» **Required action**
Filter this data down to the lines that hold "picture", and copy them.

BEGIN

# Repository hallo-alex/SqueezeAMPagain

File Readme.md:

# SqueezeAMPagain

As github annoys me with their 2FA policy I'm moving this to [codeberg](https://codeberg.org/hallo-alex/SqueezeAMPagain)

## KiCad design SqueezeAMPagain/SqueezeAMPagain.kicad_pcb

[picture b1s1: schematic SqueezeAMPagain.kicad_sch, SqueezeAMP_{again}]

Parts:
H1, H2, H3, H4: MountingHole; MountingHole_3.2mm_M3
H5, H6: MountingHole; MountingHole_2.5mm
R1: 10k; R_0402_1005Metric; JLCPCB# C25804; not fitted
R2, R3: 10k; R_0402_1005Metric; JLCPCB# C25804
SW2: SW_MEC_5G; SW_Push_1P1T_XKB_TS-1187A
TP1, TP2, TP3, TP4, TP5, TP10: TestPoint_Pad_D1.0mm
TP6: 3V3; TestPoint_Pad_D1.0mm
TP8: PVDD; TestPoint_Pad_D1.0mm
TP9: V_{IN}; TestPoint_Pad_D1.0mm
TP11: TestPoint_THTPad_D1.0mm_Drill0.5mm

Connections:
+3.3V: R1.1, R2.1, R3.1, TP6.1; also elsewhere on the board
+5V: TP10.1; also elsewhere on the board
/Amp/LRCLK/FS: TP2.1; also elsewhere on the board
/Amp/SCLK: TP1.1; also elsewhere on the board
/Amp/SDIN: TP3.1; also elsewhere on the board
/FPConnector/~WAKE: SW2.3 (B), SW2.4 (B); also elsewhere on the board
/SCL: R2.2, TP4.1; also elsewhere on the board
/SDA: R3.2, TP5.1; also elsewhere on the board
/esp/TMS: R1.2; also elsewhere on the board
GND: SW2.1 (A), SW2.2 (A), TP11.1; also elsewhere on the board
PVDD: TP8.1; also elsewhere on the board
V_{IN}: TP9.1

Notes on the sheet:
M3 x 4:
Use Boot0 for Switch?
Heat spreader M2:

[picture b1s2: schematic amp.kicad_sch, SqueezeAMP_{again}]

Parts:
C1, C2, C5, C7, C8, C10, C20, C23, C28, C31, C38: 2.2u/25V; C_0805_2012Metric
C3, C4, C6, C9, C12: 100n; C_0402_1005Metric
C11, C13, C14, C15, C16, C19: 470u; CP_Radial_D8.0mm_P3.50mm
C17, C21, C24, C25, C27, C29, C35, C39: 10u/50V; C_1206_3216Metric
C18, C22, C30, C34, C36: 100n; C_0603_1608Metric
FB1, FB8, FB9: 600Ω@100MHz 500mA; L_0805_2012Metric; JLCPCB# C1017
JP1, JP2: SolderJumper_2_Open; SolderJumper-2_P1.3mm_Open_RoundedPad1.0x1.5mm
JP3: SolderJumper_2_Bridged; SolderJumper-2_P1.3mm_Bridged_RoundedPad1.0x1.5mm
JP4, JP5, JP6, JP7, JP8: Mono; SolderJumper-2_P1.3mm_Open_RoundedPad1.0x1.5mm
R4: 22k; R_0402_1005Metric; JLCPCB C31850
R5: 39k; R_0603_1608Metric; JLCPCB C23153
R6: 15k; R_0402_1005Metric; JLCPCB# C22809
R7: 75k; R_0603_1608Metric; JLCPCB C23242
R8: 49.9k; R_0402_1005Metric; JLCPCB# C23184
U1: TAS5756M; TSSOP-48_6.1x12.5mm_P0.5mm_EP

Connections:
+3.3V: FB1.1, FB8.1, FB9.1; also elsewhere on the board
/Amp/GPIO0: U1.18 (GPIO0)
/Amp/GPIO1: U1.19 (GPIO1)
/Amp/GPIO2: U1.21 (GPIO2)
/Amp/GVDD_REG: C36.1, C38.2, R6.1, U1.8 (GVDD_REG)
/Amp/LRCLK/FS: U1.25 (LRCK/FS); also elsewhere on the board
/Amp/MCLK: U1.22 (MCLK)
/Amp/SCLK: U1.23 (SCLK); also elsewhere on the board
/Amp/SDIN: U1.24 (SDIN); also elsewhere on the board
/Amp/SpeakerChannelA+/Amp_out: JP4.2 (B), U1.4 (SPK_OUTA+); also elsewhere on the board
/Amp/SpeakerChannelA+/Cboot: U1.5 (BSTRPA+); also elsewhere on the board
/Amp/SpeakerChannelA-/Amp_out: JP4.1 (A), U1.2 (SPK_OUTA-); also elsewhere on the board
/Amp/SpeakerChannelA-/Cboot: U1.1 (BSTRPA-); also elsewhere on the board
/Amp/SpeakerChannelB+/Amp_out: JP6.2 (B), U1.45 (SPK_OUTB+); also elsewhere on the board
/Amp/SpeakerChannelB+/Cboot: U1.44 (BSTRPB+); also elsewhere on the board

END

» **Response below**
[picture b1s1: schematic SqueezeAMPagain.kicad_sch, SqueezeAMP_{again}]
[picture b1s2: schematic amp.kicad_sch, SqueezeAMP_{again}]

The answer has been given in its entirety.